Task to carry out -> A verbatim printing of the entries that follow is needed; pictures must not appear in it.

Excerpted records ->
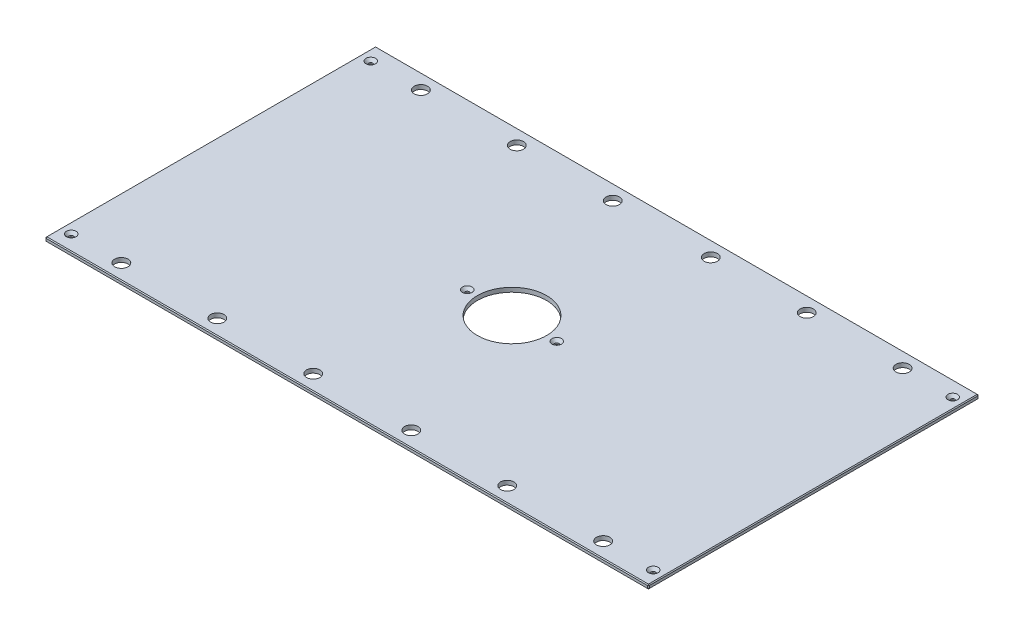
from build123d import *

# Parameters (mm, degrees)
SKETCH1_W                                     = 898.525
SKETCH1_H                                     = 492.125
BOSS_EXTRUDE1_DEPTH                           = 6.35
SKETCH13_R                                    = 51.562
CUT_EXTRUDE6_DEPTH                            = 513.273237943
F_25_32_0_78125_DIAMETER_HOLE1_D              = 19.84375
CHAMFER2_SIZE                                 = 1.27
CSK_FOR_1_4_FLAT_HEAD_MACHINE_SCREW1_AT_COUNT = 2
CSK_FOR_1_4_FLAT_HEAD_MACHINE_SCREW1_AT_PITCH = 446.08496
CSK_FOR_1_4_FLAT_HEAD_MACHINE_SCREW1_2_COUNT  = 2
CSK_FOR_1_4_FLAT_HEAD_MACHINE_SCREW1_2_PITCH  = 974.828545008
CSK_FOR_1_4_FLAT_HEAD_MACHINE_SCREW1_3_COUNT  = 2
CSK_FOR_1_4_FLAT_HEAD_MACHINE_SCREW1_3_PITCH  = 547.549497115
CSK_FOR_1_4_FLAT_HEAD_MACHINE_SCREW1_4_COUNT  = 2
CSK_FOR_1_4_FLAT_HEAD_MACHINE_SCREW1_4_PITCH  = 429.215570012
CSK_FOR_1_4_FLAT_HEAD_MACHINE_SCREW1_5_COUNT  = 2
CSK_FOR_1_4_FLAT_HEAD_MACHINE_SCREW1_5_PITCH  = 866.775
CSK_FOR_1_4_FLAT_HEAD_MACHINE_SCREW1_6_COUNT  = 2
CSK_FOR_1_4_FLAT_HEAD_MACHINE_SCREW1_6_PITCH  = 792.1625
CSK_FOR_1_4_FLAT_HEAD_MACHINE_SCREW1_7_COUNT  = 2
CSK_FOR_1_4_FLAT_HEAD_MACHINE_SCREW1_7_PITCH  = 909.127723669


with BuildPart() as part:
    # Sketch1 → Boss-Extrude1 (new body)
    with BuildSketch(Plane(origin=(0, 0, 0), x_dir=(1, 0, 0), z_dir=(0, 1, 0))):
        Rectangle(SKETCH1_W, SKETCH1_H)
    extrude(amount=BOSS_EXTRUDE1_DEPTH)

    # Sketch13 → Cut-Extrude6 (cut, through all)
    with BuildSketch(Plane(origin=(0, 6.35, 0), x_dir=(1, 0, 0), z_dir=(0, 1, 0))):
        with Locations(Location((0, 0, 0), (0, 0, 270))):
            Circle(SKETCH13_R)
    extrude(amount=-CUT_EXTRUDE6_DEPTH, mode=Mode.SUBTRACT)

    # 25_32 _0.78125_ Diameter Hole1 (through all)
    with Locations(Plane(origin=(0, 6.35, 0), x_dir=(1, 0, 0), z_dir=(0, 1, 0))):
        with Locations((358.775, 223.04248), (-358.775, 223.04248), (358.775, -223.04248), (-358.775, -223.04248), (-215.9, 223.04248), (215.9, 223.04248), (215.9, -223.04248), (-215.9, -223.04248), (73.025, 223.04248), (-73.025, 223.04248), (-73.025, -223.04248), (73.025, -223.04248)):
            Hole(F_25_32_0_78125_DIAMETER_HOLE1_D / 2)

    # Chamfer2
    chamfer2_edges = [part.edges().sort_by_distance(p)[0] for p in [
        (449.2625, 6.35, 0),
        (0, 6.35, -246.0625),
        (-449.2625, 6.35, 0),
        (0, 0, -246.0625),
        (449.2625, 0, 0),
        (0, 0, 246.0625),
        (-449.2625, 0, 0),
        (0, 6.35, 246.0625),
        (-449.2625, 3.175, -246.0625),
        (449.2625, 3.175, -246.0625),
        (449.2625, 3.175, 246.0625),
        (-449.2625, 3.175, 246.0625),
    ]]
    chamfer(chamfer2_edges, length=CHAMFER2_SIZE)

    # Sketch24 → CSK for 1_4 Flat Head Machine Screw1 (revolve, cut)
    with BuildSketch(Plane(origin=(433.3875, 6.35, -223.04248), x_dir=(0, 0, 1), z_dir=(1, 0, 0))):
        Polygon((0, 0), (0, 6.35), (3.3782, 6.35), (3.3782, 4.324464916), (7.1374, 0), align=None)
    csk_for_1_4_flat_head_machine_screw1 = revolve(axis=Axis((433.3875, 12.7, -223.04248), (0, -1, 0)), mode=Mode.SUBTRACT)

    # CSK for 1_4 Flat Head Machine Screw1 at: CSK for 1_4 Flat Head Machine Screw1 ×2
    with Locations(*[(0, 0, i * CSK_FOR_1_4_FLAT_HEAD_MACHINE_SCREW1_AT_PITCH) for i in range(1, CSK_FOR_1_4_FLAT_HEAD_MACHINE_SCREW1_AT_COUNT)]):
        add(csk_for_1_4_flat_head_machine_screw1, mode=Mode.SUBTRACT)

    # CSK for 1_4 Flat Head Machine Screw1 2: CSK for 1_4 Flat Head Machine Screw1 ×2
    with Locations(*[Vector(-0.8891563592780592, 0, 0.45760350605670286) * (i * CSK_FOR_1_4_FLAT_HEAD_MACHINE_SCREW1_2_PITCH) for i in range(1, CSK_FOR_1_4_FLAT_HEAD_MACHINE_SCREW1_2_COUNT)]):
        add(csk_for_1_4_flat_head_machine_screw1, mode=Mode.SUBTRACT)

    # CSK for 1_4 Flat Head Machine Screw1 3: CSK for 1_4 Flat Head Machine Screw1 ×2
    with Locations(*[Vector(-0.9132735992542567, 0, 0.4073466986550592) * (i * CSK_FOR_1_4_FLAT_HEAD_MACHINE_SCREW1_3_PITCH) for i in range(1, CSK_FOR_1_4_FLAT_HEAD_MACHINE_SCREW1_3_COUNT)]):
        add(csk_for_1_4_flat_head_machine_screw1, mode=Mode.SUBTRACT)

    # CSK for 1_4 Flat Head Machine Screw1 4: CSK for 1_4 Flat Head Machine Screw1 ×2
    with Locations(*[Vector(-0.8543783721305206, 0, 0.5196514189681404) * (i * CSK_FOR_1_4_FLAT_HEAD_MACHINE_SCREW1_4_PITCH) for i in range(1, CSK_FOR_1_4_FLAT_HEAD_MACHINE_SCREW1_4_COUNT)]):
        add(csk_for_1_4_flat_head_machine_screw1, mode=Mode.SUBTRACT)

    # CSK for 1_4 Flat Head Machine Screw1 5: CSK for 1_4 Flat Head Machine Screw1 ×2
    with Locations(*[(-i * CSK_FOR_1_4_FLAT_HEAD_MACHINE_SCREW1_5_PITCH, 0, 0) for i in range(1, CSK_FOR_1_4_FLAT_HEAD_MACHINE_SCREW1_5_COUNT)]):
        add(csk_for_1_4_flat_head_machine_screw1, mode=Mode.SUBTRACT)

    # CSK for 1_4 Flat Head Machine Screw1 6: CSK for 1_4 Flat Head Machine Screw1 ×2
    with Locations(*[(-i * CSK_FOR_1_4_FLAT_HEAD_MACHINE_SCREW1_6_PITCH, 0, 0) for i in range(1, CSK_FOR_1_4_FLAT_HEAD_MACHINE_SCREW1_6_COUNT)]):
        add(csk_for_1_4_flat_head_machine_screw1, mode=Mode.SUBTRACT)

    # CSK for 1_4 Flat Head Machine Screw1 7: CSK for 1_4 Flat Head Machine Screw1 ×2
    with Locations(*[Vector(-0.8713434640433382, 0, 0.49067358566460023) * (i * CSK_FOR_1_4_FLAT_HEAD_MACHINE_SCREW1_7_PITCH) for i in range(1, CSK_FOR_1_4_FLAT_HEAD_MACHINE_SCREW1_7_COUNT)]):
        add(csk_for_1_4_flat_head_machine_screw1, mode=Mode.SUBTRACT)


solid = part.part

Result ->
from build123d import *

# Parameters (mm, degrees)
SKETCH1_W                                     = 898.525
SKETCH1_H                                     = 492.125
BOSS_EXTRUDE1_DEPTH                           = 6.35
SKETCH13_R                                    = 51.562
CUT_EXTRUDE6_DEPTH                            = 513.273237943
F_25_32_0_78125_DIAMETER_HOLE1_D              = 19.84375
CHAMFER2_SIZE                                 = 1.27
CSK_FOR_1_4_FLAT_HEAD_MACHINE_SCREW1_AT_COUNT = 2
CSK_FOR_1_4_FLAT_HEAD_MACHINE_SCREW1_AT_PITCH = 446.08496
CSK_FOR_1_4_FLAT_HEAD_MACHINE_SCREW1_2_COUNT  = 2
CSK_FOR_1_4_FLAT_HEAD_MACHINE_SCREW1_2_PITCH  = 974.828545008
CSK_FOR_1_4_FLAT_HEAD_MACHINE_SCREW1_3_COUNT  = 2
CSK_FOR_1_4_FLAT_HEAD_MACHINE_SCREW1_3_PITCH  = 547.549497115
CSK_FOR_1_4_FLAT_HEAD_MACHINE_SCREW1_4_COUNT  = 2
CSK_FOR_1_4_FLAT_HEAD_MACHINE_SCREW1_4_PITCH  = 429.215570012
CSK_FOR_1_4_FLAT_HEAD_MACHINE_SCREW1_5_COUNT  = 2
CSK_FOR_1_4_FLAT_HEAD_MACHINE_SCREW1_5_PITCH  = 866.775
CSK_FOR_1_4_FLAT_HEAD_MACHINE_SCREW1_6_COUNT  = 2
CSK_FOR_1_4_FLAT_HEAD_MACHINE_SCREW1_6_PITCH  = 792.1625
CSK_FOR_1_4_FLAT_HEAD_MACHINE_SCREW1_7_COUNT  = 2
CSK_FOR_1_4_FLAT_HEAD_MACHINE_SCREW1_7_PITCH  = 909.127723669


with BuildPart() as part:
    # Sketch1 → Boss-Extrude1 (new body)
    with BuildSketch(Plane(origin=(0, 0, 0), x_dir=(1, 0, 0), z_dir=(0, 1, 0))):
        Rectangle(SKETCH1_W, SKETCH1_H)
    extrude(amount=BOSS_EXTRUDE1_DEPTH)

    # Sketch13 → Cut-Extrude6 (cut, through all)
    with BuildSketch(Plane(origin=(0, 6.35, 0), x_dir=(1, 0, 0), z_dir=(0, 1, 0))):
        with Locations(Location((0, 0, 0), (0, 0, 270))):
            Circle(SKETCH13_R)
    extrude(amount=-CUT_EXTRUDE6_DEPTH, mode=Mode.SUBTRACT)

    # 25_32 _0.78125_ Diameter Hole1 (through all)
    with Locations(Plane(origin=(0, 6.35, 0), x_dir=(1, 0, 0), z_dir=(0, 1, 0))):
        with Locations((358.775, 223.04248), (-358.775, 223.04248), (358.775, -223.04248), (-358.775, -223.04248), (-215.9, 223.04248), (215.9, 223.04248), (215.9, -223.04248), (-215.9, -223.04248), (73.025, 223.04248), (-73.025, 223.04248), (-73.025, -223.04248), (73.025, -223.04248)):
            Hole(F_25_32_0_78125_DIAMETER_HOLE1_D / 2)

    # Chamfer2
    chamfer2_edges = [part.edges().sort_by_distance(p)[0] for p in [
        (449.2625, 6.35, 0),
        (0, 6.35, -246.0625),
        (-449.2625, 6.35, 0),
        (0, 0, -246.0625),
        (449.2625, 0, 0),
        (0, 0, 246.0625),
        (-449.2625, 0, 0),
        (0, 6.35, 246.0625),
        (-449.2625, 3.175, -246.0625),
        (449.2625, 3.175, -246.0625),
        (449.2625, 3.175, 246.0625),
        (-449.2625, 3.175, 246.0625),
    ]]
    chamfer(chamfer2_edges, length=CHAMFER2_SIZE)

    # Sketch24 → CSK for 1_4 Flat Head Machine Screw1 (revolve, cut)
    with BuildSketch(Plane(origin=(433.3875, 6.35, -223.04248), x_dir=(0, 0, 1), z_dir=(1, 0, 0))):
        Polygon((0, 0), (0, 6.35), (3.3782, 6.35), (3.3782, 4.324464916), (7.1374, 0), align=None)
    csk_for_1_4_flat_head_machine_screw1 = revolve(axis=Axis((433.3875, 12.7, -223.04248), (0, -1, 0)), mode=Mode.SUBTRACT)

    # CSK for 1_4 Flat Head Machine Screw1 at: CSK for 1_4 Flat Head Machine Screw1 ×2
    with Locations(*[(0, 0, i * CSK_FOR_1_4_FLAT_HEAD_MACHINE_SCREW1_AT_PITCH) for i in range(1, CSK_FOR_1_4_FLAT_HEAD_MACHINE_SCREW1_AT_COUNT)]):
        add(csk_for_1_4_flat_head_machine_screw1, mode=Mode.SUBTRACT)

    # CSK for 1_4 Flat Head Machine Screw1 2: CSK for 1_4 Flat Head Machine Screw1 ×2
    with Locations(*[Vector(-0.8891563592780592, 0, 0.45760350605670286) * (i * CSK_FOR_1_4_FLAT_HEAD_MACHINE_SCREW1_2_PITCH) for i in range(1, CSK_FOR_1_4_FLAT_HEAD_MACHINE_SCREW1_2_COUNT)]):
        add(csk_for_1_4_flat_head_machine_screw1, mode=Mode.SUBTRACT)

    # CSK for 1_4 Flat Head Machine Screw1 3: CSK for 1_4 Flat Head Machine Screw1 ×2
    with Locations(*[Vector(-0.9132735992542567, 0, 0.4073466986550592) * (i * CSK_FOR_1_4_FLAT_HEAD_MACHINE_SCREW1_3_PITCH) for i in range(1, CSK_FOR_1_4_FLAT_HEAD_MACHINE_SCREW1_3_COUNT)]):
        add(csk_for_1_4_flat_head_machine_screw1, mode=Mode.SUBTRACT)

    # CSK for 1_4 Flat Head Machine Screw1 4: CSK for 1_4 Flat Head Machine Screw1 ×2
    with Locations(*[Vector(-0.8543783721305206, 0, 0.5196514189681404) * (i * CSK_FOR_1_4_FLAT_HEAD_MACHINE_SCREW1_4_PITCH) for i in range(1, CSK_FOR_1_4_FLAT_HEAD_MACHINE_SCREW1_4_COUNT)]):
        add(csk_for_1_4_flat_head_machine_screw1, mode=Mode.SUBTRACT)

    # CSK for 1_4 Flat Head Machine Screw1 5: CSK for 1_4 Flat Head Machine Screw1 ×2
    with Locations(*[(-i * CSK_FOR_1_4_FLAT_HEAD_MACHINE_SCREW1_5_PITCH, 0, 0) for i in range(1, CSK_FOR_1_4_FLAT_HEAD_MACHINE_SCREW1_5_COUNT)]):
        add(csk_for_1_4_flat_head_machine_screw1, mode=Mode.SUBTRACT)

    # CSK for 1_4 Flat Head Machine Screw1 6: CSK for 1_4 Flat Head Machine Screw1 ×2
    with Locations(*[(-i * CSK_FOR_1_4_FLAT_HEAD_MACHINE_SCREW1_6_PITCH, 0, 0) for i in range(1, CSK_FOR_1_4_FLAT_HEAD_MACHINE_SCREW1_6_COUNT)]):
        add(csk_for_1_4_flat_head_machine_screw1, mode=Mode.SUBTRACT)

    # CSK for 1_4 Flat Head Machine Screw1 7: CSK for 1_4 Flat Head Machine Screw1 ×2
    with Locations(*[Vector(-0.8713434640433382, 0, 0.49067358566460023) * (i * CSK_FOR_1_4_FLAT_HEAD_MACHINE_SCREW1_7_PITCH) for i in range(1, CSK_FOR_1_4_FLAT_HEAD_MACHINE_SCREW1_7_COUNT)]):
        add(csk_for_1_4_flat_head_machine_screw1, mode=Mode.SUBTRACT)


solid = part.part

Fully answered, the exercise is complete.